BEGIN EXERCISE INPUT

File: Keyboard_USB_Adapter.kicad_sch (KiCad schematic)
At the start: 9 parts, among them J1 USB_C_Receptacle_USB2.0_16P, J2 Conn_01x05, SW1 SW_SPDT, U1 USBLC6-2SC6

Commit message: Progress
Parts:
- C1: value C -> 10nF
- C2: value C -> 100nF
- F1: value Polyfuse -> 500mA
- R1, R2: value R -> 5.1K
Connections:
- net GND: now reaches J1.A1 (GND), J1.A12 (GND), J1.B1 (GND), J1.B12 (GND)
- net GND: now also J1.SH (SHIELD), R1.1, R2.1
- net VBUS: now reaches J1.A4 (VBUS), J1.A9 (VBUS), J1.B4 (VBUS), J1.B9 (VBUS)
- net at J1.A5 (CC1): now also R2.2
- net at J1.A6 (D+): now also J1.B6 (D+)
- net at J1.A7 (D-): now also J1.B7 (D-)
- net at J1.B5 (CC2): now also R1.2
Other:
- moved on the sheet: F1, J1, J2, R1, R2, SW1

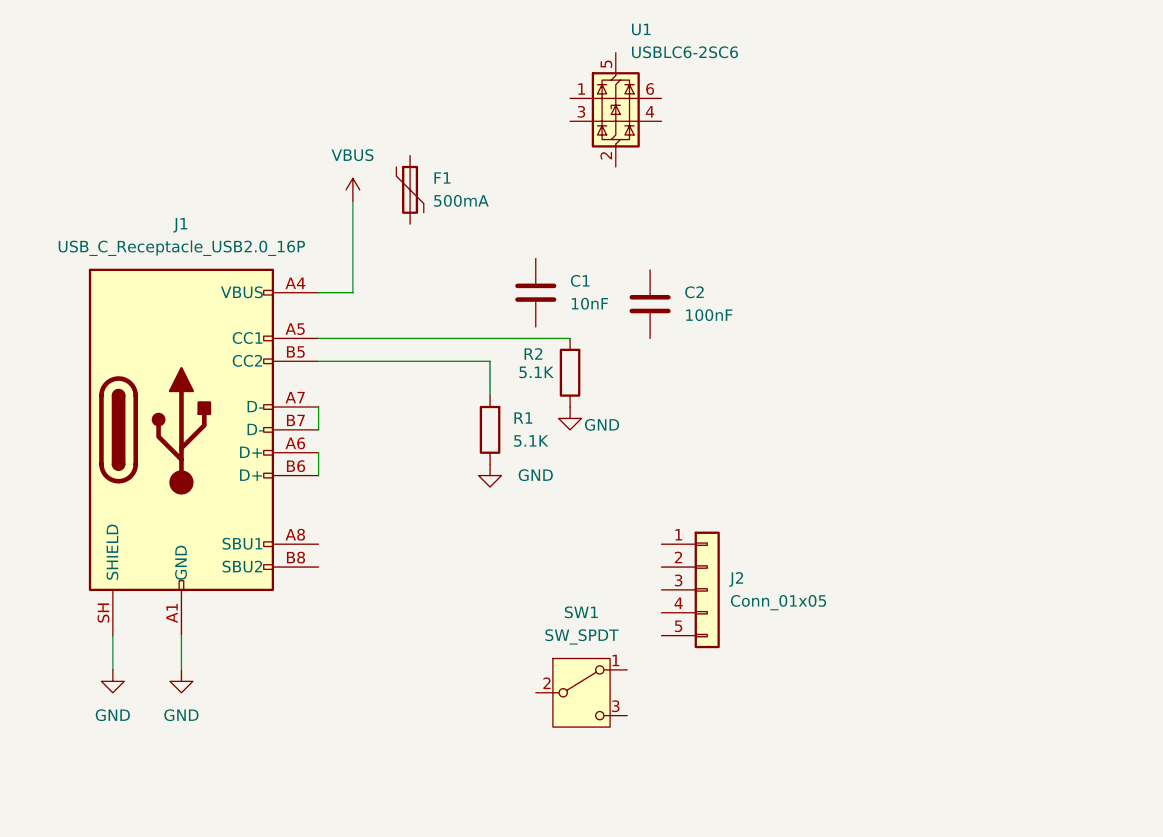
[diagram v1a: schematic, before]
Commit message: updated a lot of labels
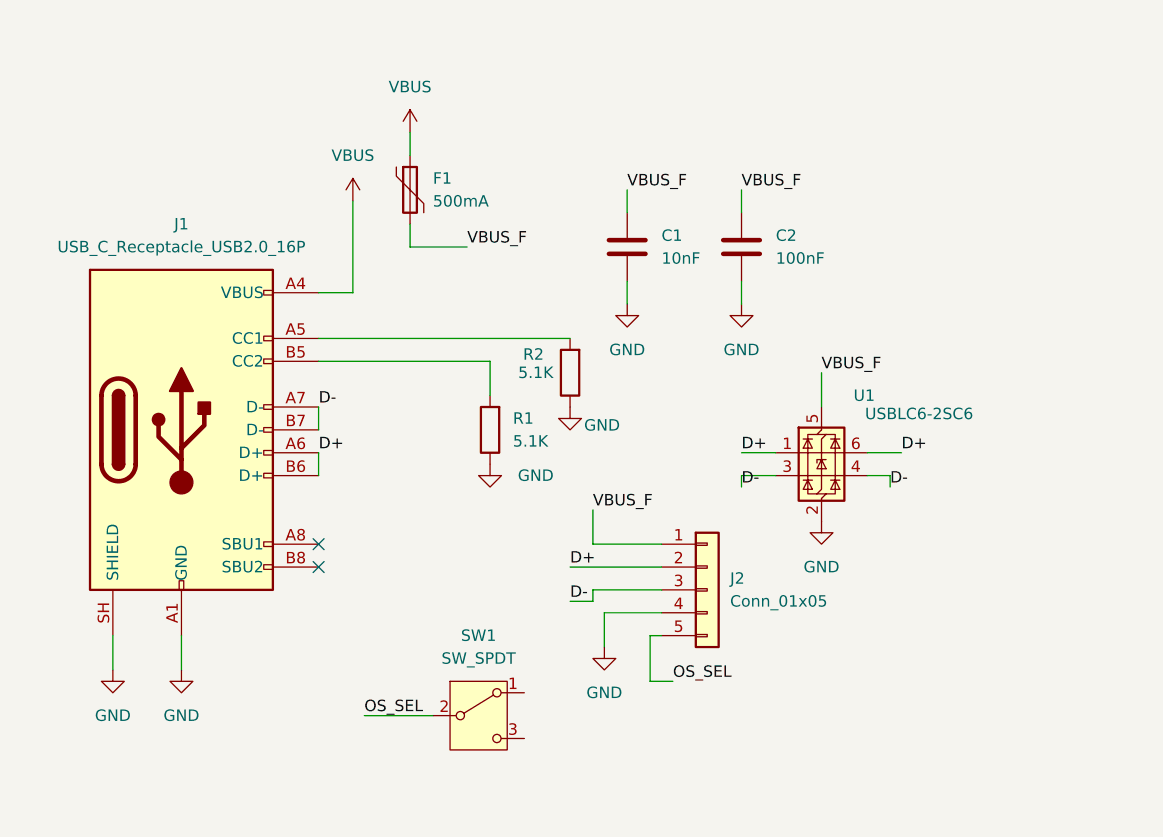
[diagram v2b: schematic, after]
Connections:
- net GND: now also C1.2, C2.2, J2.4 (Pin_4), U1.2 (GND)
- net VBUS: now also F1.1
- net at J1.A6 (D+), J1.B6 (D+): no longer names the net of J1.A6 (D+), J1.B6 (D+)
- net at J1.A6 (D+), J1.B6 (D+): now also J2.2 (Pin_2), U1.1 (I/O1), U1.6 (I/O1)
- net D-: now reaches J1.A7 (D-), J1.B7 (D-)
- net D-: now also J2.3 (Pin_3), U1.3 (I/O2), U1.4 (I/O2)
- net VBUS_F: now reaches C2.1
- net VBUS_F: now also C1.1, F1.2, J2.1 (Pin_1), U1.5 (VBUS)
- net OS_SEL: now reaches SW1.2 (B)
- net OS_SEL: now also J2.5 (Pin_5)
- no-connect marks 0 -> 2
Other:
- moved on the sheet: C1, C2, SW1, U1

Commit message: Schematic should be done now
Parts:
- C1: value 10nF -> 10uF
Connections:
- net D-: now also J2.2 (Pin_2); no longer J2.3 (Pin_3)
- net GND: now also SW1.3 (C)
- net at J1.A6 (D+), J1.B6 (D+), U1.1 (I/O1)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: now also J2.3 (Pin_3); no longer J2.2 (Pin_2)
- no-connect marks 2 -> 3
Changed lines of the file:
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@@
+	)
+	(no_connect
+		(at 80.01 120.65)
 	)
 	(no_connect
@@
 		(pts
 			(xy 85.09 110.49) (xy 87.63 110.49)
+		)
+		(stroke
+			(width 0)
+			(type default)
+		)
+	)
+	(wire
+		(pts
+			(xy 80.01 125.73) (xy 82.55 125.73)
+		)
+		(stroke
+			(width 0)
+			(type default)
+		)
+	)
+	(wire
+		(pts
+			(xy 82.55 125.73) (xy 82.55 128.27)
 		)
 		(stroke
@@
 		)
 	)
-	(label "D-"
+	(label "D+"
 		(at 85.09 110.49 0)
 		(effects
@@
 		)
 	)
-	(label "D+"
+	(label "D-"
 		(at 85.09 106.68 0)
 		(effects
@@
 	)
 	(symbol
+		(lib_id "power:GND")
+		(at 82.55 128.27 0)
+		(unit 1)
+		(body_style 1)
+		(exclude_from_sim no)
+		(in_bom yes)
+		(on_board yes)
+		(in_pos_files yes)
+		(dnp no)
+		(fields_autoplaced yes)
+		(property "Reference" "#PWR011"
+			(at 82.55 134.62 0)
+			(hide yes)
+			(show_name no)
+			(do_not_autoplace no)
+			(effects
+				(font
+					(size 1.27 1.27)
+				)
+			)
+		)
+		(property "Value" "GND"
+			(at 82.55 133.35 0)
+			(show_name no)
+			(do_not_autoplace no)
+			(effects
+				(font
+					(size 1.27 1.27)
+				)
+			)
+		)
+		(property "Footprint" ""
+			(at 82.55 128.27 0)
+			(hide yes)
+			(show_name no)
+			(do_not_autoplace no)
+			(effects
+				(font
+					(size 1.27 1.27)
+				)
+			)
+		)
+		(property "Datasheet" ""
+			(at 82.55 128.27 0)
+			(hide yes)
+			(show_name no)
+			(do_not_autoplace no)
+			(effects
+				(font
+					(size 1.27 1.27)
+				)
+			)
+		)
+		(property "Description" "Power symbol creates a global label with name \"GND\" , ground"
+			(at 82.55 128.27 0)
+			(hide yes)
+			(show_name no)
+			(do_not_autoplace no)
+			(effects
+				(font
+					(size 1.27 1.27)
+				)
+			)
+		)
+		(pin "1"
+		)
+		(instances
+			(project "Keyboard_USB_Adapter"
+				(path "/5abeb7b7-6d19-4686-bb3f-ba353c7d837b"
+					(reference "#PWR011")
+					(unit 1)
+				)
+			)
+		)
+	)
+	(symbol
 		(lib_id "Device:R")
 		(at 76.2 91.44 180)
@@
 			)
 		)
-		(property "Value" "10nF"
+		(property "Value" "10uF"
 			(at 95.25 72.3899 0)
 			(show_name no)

END EXERCISE INPUT

## WHAT THE TASK ASKS
Could you transcribe the material above exactly, keeping every picture out?

## RESPONSE
File: Keyboard_USB_Adapter.kicad_sch (KiCad schematic)
At the start: 9 parts, among them J1 USB_C_Receptacle_USB2.0_16P, J2 Conn_01x05, SW1 SW_SPDT, U1 USBLC6-2SC6

Commit message: Progress
Parts:
- C1: value C -> 10nF
- C2: value C -> 100nF
- F1: value Polyfuse -> 500mA
- R1, R2: value R -> 5.1K
Connections:
- net GND: now reaches J1.A1 (GND), J1.A12 (GND), J1.B1 (GND), J1.B12 (GND)
- net GND: now also J1.SH (SHIELD), R1.1, R2.1
- net VBUS: now reaches J1.A4 (VBUS), J1.A9 (VBUS), J1.B4 (VBUS), J1.B9 (VBUS)
- net at J1.A5 (CC1): now also R2.2
- net at J1.A6 (D+): now also J1.B6 (D+)
- net at J1.A7 (D-): now also J1.B7 (D-)
- net at J1.B5 (CC2): now also R1.2
Other:
- moved on the sheet: F1, J1, J2, R1, R2, SW1

[diagram v1a: schematic, before]
Commit message: updated a lot of labels
[diagram v2b: schematic, after]
Connections:
- net GND: now also C1.2, C2.2, J2.4 (Pin_4), U1.2 (GND)
- net VBUS: now also F1.1
- net at J1.A6 (D+), J1.B6 (D+): no longer names the net of J1.A6 (D+), J1.B6 (D+)
- net at J1.A6 (D+), J1.B6 (D+): now also J2.2 (Pin_2), U1.1 (I/O1), U1.6 (I/O1)
- net D-: now reaches J1.A7 (D-), J1.B7 (D-)
- net D-: now also J2.3 (Pin_3), U1.3 (I/O2), U1.4 (I/O2)
- net VBUS_F: now reaches C2.1
- net VBUS_F: now also C1.1, F1.2, J2.1 (Pin_1), U1.5 (VBUS)
- net OS_SEL: now reaches SW1.2 (B)
- net OS_SEL: now also J2.5 (Pin_5)
- no-connect marks 0 -> 2
Other:
- moved on the sheet: C1, C2, SW1, U1

Commit message: Schematic should be done now
Parts:
- C1: value 10nF -> 10uF
Connections:
- net D-: now also J2.2 (Pin_2); no longer J2.3 (Pin_3)
- net GND: now also SW1.3 (C)
- net at J1.A6 (D+), J1.B6 (D+), U1.1 (I/O1): now also J2.3 (Pin_3); no longer J2.2 (Pin_2)
- no-connect marks 2 -> 3
Changed lines of the file:
@@
+	)
+	(no_connect
+		(at 80.01 120.65)
 	)
 	(no_connect
@@
 		(pts
 			(xy 85.09 110.49) (xy 87.63 110.49)
+		)
+		(stroke
+			(width 0)
+			(type default)
+		)
+	)
+	(wire
+		(pts
+			(xy 80.01 125.73) (xy 82.55 125.73)
+		)
+		(stroke
+			(width 0)
+			(type default)
+		)
+	)
+	(wire
+		(pts
+			(xy 82.55 125.73) (xy 82.55 128.27)
 		)
 		(stroke
@@
 		)
 	)
-	(label "D-"
+	(label "D+"
 		(at 85.09 110.49 0)
 		(effects
@@
 		)
 	)
-	(label "D+"
+	(label "D-"
 		(at 85.09 106.68 0)
 		(effects
@@
 	)
 	(symbol
+		(lib_id "power:GND")
+		(at 82.55 128.27 0)
+		(unit 1)
+		(body_style 1)
+		(exclude_from_sim no)
+		(in_bom yes)
+		(on_board yes)
+		(in_pos_files yes)
+		(dnp no)
+		(fields_autoplaced yes)
+		(property "Reference" "#PWR011"
+			(at 82.55 134.62 0)
+			(hide yes)
+			(show_name no)
+			(do_not_autoplace no)
+			(effects
+				(font
+					(size 1.27 1.27)
+				)
+			)
+		)
+		(property "Value" "GND"
+			(at 82.55 133.35 0)
+			(show_name no)
+			(do_not_autoplace no)
+			(effects
+				(font
+					(size 1.27 1.27)
+				)
+			)
+		)
+		(property "Footprint" ""
+			(at 82.55 128.27 0)
+			(hide yes)
+			(show_name no)
+			(do_not_autoplace no)
+			(effects
+				(font
+					(size 1.27 1.27)
+				)
+			)
+		)
+		(property "Datasheet" ""
+			(at 82.55 128.27 0)
+			(hide yes)
+			(show_name no)
+			(do_not_autoplace no)
+			(effects
+				(font
+					(size 1.27 1.27)
+				)
+			)
+		)
+		(property "Description" "Power symbol creates a global label with name \"GND\" , ground"
+			(at 82.55 128.27 0)
+			(hide yes)
+			(show_name no)
+			(do_not_autoplace no)
+			(effects
+				(font
+					(size 1.27 1.27)
+				)
+			)
+		)
+		(pin "1"
+		)
+		(instances
+			(project "Keyboard_USB_Adapter"
+				(path "/5abeb7b7-6d19-4686-bb3f-ba353c7d837b"
+					(reference "#PWR011")
+					(unit 1)
+				)
+			)
+		)
+	)
+	(symbol
 		(lib_id "Device:R")
 		(at 76.2 91.44 180)
@@
 			)
 		)
-		(property "Value" "10nF"
+		(property "Value" "10uF"
 			(at 95.25 72.3899 0)
 			(show_name no)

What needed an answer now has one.